■ **GOAL OF THE EXERCISE**:
Reproduce the records below exactly from their first line through the line containing "(at 51.435 112.395))", omitting all pictures.

■ **DATA IN THIS EXERCISE**:
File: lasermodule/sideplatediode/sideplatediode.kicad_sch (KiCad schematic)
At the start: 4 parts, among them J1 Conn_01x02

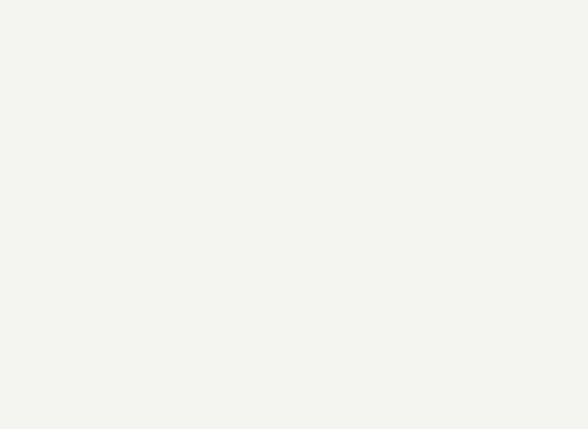
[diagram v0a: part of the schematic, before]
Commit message: removed need for screws using pcb pads
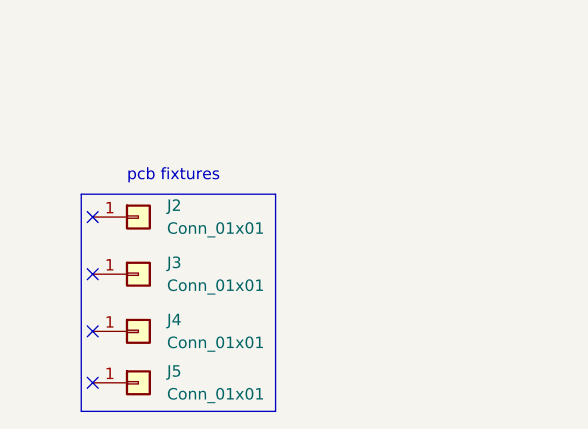
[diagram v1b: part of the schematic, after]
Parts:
- added J2, J3, J4, J5: Conn_01x01, start-of-scanline-detector:TestPoint_Pad_2.0x2.0mm_nosilk, symbol Connector_Generic:Conn_01x01
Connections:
- no-connect marks 0 -> 4
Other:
- note added: "pcb fixtures"
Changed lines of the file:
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@@
     (comment 1 "Author: Rik Starmans")
   )
+  (no_connect (at 51.435 112.395))
+  (no_connect (at 51.435 118.11))
+  (no_connect (at 51.435 106.045))
+  (no_connect (at 51.435 99.695))
+  (polyline (pts (xy 50.165 97.155) (xy 71.755 97.155))
+    (stroke (width 0) (type default))
+  )
   (wire (pts (xy 58.42 52.07) (xy 58.42 41.91))
     (stroke (width 0) (type default))
@@
     (stroke (width 0) (type default))
   )
+  (polyline (pts (xy 50.165 121.285) (xy 71.755 121.285))
+    (stroke (width 0) (type default))
+  )
   (wire (pts (xy 53.34 52.07) (xy 58.42 52.07))
     (stroke (width 0) (type default))
@@
     (stroke (width 0) (type default))
   )
+  (polyline (pts (xy 50.165 97.155) (xy 50.165 121.285))
+    (stroke (width 0) (type default))
+  )
+  (polyline (pts (xy 71.755 121.285) (xy 71.755 97.155))
+    (stroke (width 0) (type default))
+  )
   (text "back" (at 110.49 62.23 0)
+    (effects (font (size 1.27 1.27)) (justify left bottom))
+  )
+  (text "pcb fixtures" (at 55.245 95.885 0)
     (effects (font (size 1.27 1.27)) (justify left bottom))
   )
@@
     )
   )
+  (symbol (lib_id "Connector_Generic:Conn_01x01") (at 56.515 112.395 0) (unit 1)
+    (in_bom yes) (on_board yes) (dnp no) (fields_autoplaced)
+    (property "Reference" "J4" (at 59.69 111.125 0)
+      (effects (font (size 1.27 1.27)) (justify left))
+    )
+    (property "Value" "Conn_01x01" (at 59.69 113.665 0)
+      (effects (font (size 1.27 1.27)) (justify left))
+    )
+    (property "Footprint" "start-of-scanline-detector:TestPoint_Pad_2.0x2.0mm_nosilk" (at 56.515 112.395 0)
+      (effects (font (size 1.27 1.27)) hide)
+    )
+    (property "Datasheet" "~" (at 56.515 112.395 0)
+      (effects (font (size 1.27 1.27)) hide)
+    )
+    (pin "1")
+    (instances
+      (project "sideplatediode"
+        (path "/0f31f11f-c374-4640-b9a4-07bbdba8d354"
+          (reference "J4") (unit 1)
+        )
+      )
+    )
+  )
   (symbol (lib_id "Graphic:Logo_Open_Hardware_Small") (at 92.71 68.58 0) (unit 1)
     (in_bom no) (on_board yes) (dnp no) (fields_autoplaced)
@@
         )
       )
+    )
+  )
+  (symbol (lib_id "Connector_Generic:Conn_01x01") (at 56.515 118.11 0) (unit 1)
+    (in_bom yes) (on_board yes) (dnp no) (fields_autoplaced)
+    (property "Reference" "J5" (at 59.69 116.84 0)
+      (effects (font (size 1.27 1.27)) (justify left))
+    )
+    (property "Value" "Conn_01x01" (at 59.69 119.38 0)
+      (effects (font (size 1.27 1.27)) (justify left))
+    )
+    (property "Footprint" "start-of-scanline-detector:TestPoint_Pad_2.0x2.0mm_nosilk" (at 56.515 118.11 0)
+      (effects (font (size 1.27 1.27)) hide)
+    )
+    (property "Datasheet" "~" (at 56.515 118.11 0)
+      (effects (font (size 1.27 1.27)) hide)
+    )
+    (pin "1")
+    (instances
+      (project "sideplatediode"
+        (path "/0f31f11f-c374-4640-b9a4-07bbdba8d354"
+          (reference "J5") (unit 1)
+        )
+      )
+    )
+  )
+  (symbol (lib_id "Connector_Generic:Conn_01x01") (at 56.515 106.045 0) (unit 1)
+    (in_bom yes) (on_board yes) (dnp no) (fields_autoplaced)
+    (property "Reference" "J3" (at 59.69 104.775 0)
+      (effects (font (size 1.27 1.27)) (justify left))
+    )
+    (property "Value" "Conn_01x01" (at 59.69 107.315 0)
+      (effects (font (size 1.27 1.27)) (justify left))
+    )
+    (property "Footprint" "start-of-scanline-detector:TestPoint_Pad_2.0x2.0mm_nosilk" (at 56.515 106.045 0)
+      (effects (font (size 1.27 1.27)) hide)
+    )
+    (property "Datasheet" "~" (at 56.515 106.045 0)
+      (effects (font (size 1.27 1.27)) hide)
+    )
+    (pin "1")
+    (instances
+      (project "sideplatediode"
+        (path "/0f31f11f-c374-4640-b9a4-07bbdba8d354"
+          (reference "J3") (unit 1)
+        )
+      )
+    )
+  )
+  (symbol (lib_id "Connector_Generic:Conn_01x01") (at 56.515 99.695 0) (unit 1)
+    (in_bom yes) (on_board yes) (dnp no) (fields_autoplaced)
+    (property "Reference" "J2" (at 59.69 98.425 0)
+      (effects (font (size 1.27 1.27)) (justify left))
+    )
+    (property "Value" "Conn_01x01" (at 59.69 100.965 0)
+      (effects (font (size 1.27 1.27)) (justify left))
+    )
+    (property "Footprint" "start-of-scanline-detector:TestPoint_Pad_2.0x2.0mm_nosilk" (at 56.515 99.695 0)
+      (effects (font (size 1.27 1.27)) hide)
+    )
+    (property "Datasheet" "~" (at 56.515 99.695 0)
+      (effects (font (size 1.27 1.27)) hide)
+    )
+    (pin "1")
+    (instances
+      (project "sideplatediode"
+        (path "/0f31f11f-c374-4640-b9a4-07bbdba8d354"
+          (reference "J2") (unit 1)
+        )
+      )

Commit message: board almost fully synced close for release
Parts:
- removed J1: Conn_01x02, Connector_PinHeader_2.54mm:PinHeader_1x02_P2.54mm_Horizontal, symbol Connector_Generic:Conn_01x02
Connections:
- net GND: now reaches D1.A
- net GND: now also J4.1 (Pin_1)
- net DiodeK: now reaches D1.C
- net DiodeK: now also J5.1 (Pin_1)
- no-connect marks 4 -> 2
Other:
- moved on the sheet: J2, J3, J4, J5

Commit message: fixed boms, small modifications to the boards.
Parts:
- D1: MANUFACTURER OSRAM -> (none); PARTREV 1.5 -> (none); STANDARD Manufacturer Recommendations -> (none); manuf# (none) -> BPW 34 S; mouser# (none) -> 720-BPW34S-Z
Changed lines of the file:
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@@
 			)
 		)
-		(property "MANUFACTURER" "OSRAM"
+		(property "manuf#" "BPW 34 S"
 			(at 50.8 41.91 0)
 			(effects
@@
 			)
 		)
-		(property "PARTREV" "1.5"
+		(property "mouser#" "720-BPW34S-Z"
 			(at 50.8 41.91 0)
 			(effects
-				(font
-					(size 1.27 1.27)
-				)
-				(justify left bottom)
-				(hide yes)
-			)
-		)
-		(property "STANDARD" "Manufacturer Recommendations"
-			(at 50.8 41.91 0)
-			(effects

■ **TASK ANSWER**:
File: lasermodule/sideplatediode/sideplatediode.kicad_sch (KiCad schematic)
At the start: 4 parts, among them J1 Conn_01x02

[diagram v0a: part of the schematic, before]
Commit message: removed need for screws using pcb pads
[diagram v1b: part of the schematic, after]
Parts:
- added J2, J3, J4, J5: Conn_01x01, start-of-scanline-detector:TestPoint_Pad_2.0x2.0mm_nosilk, symbol Connector_Generic:Conn_01x01
Connections:
- no-connect marks 0 -> 4
Other:
- note added: "pcb fixtures"
Changed lines of the file:
@@
     (comment 1 "Author: Rik Starmans")
   )
+  (no_connect (at 51.435 112.395))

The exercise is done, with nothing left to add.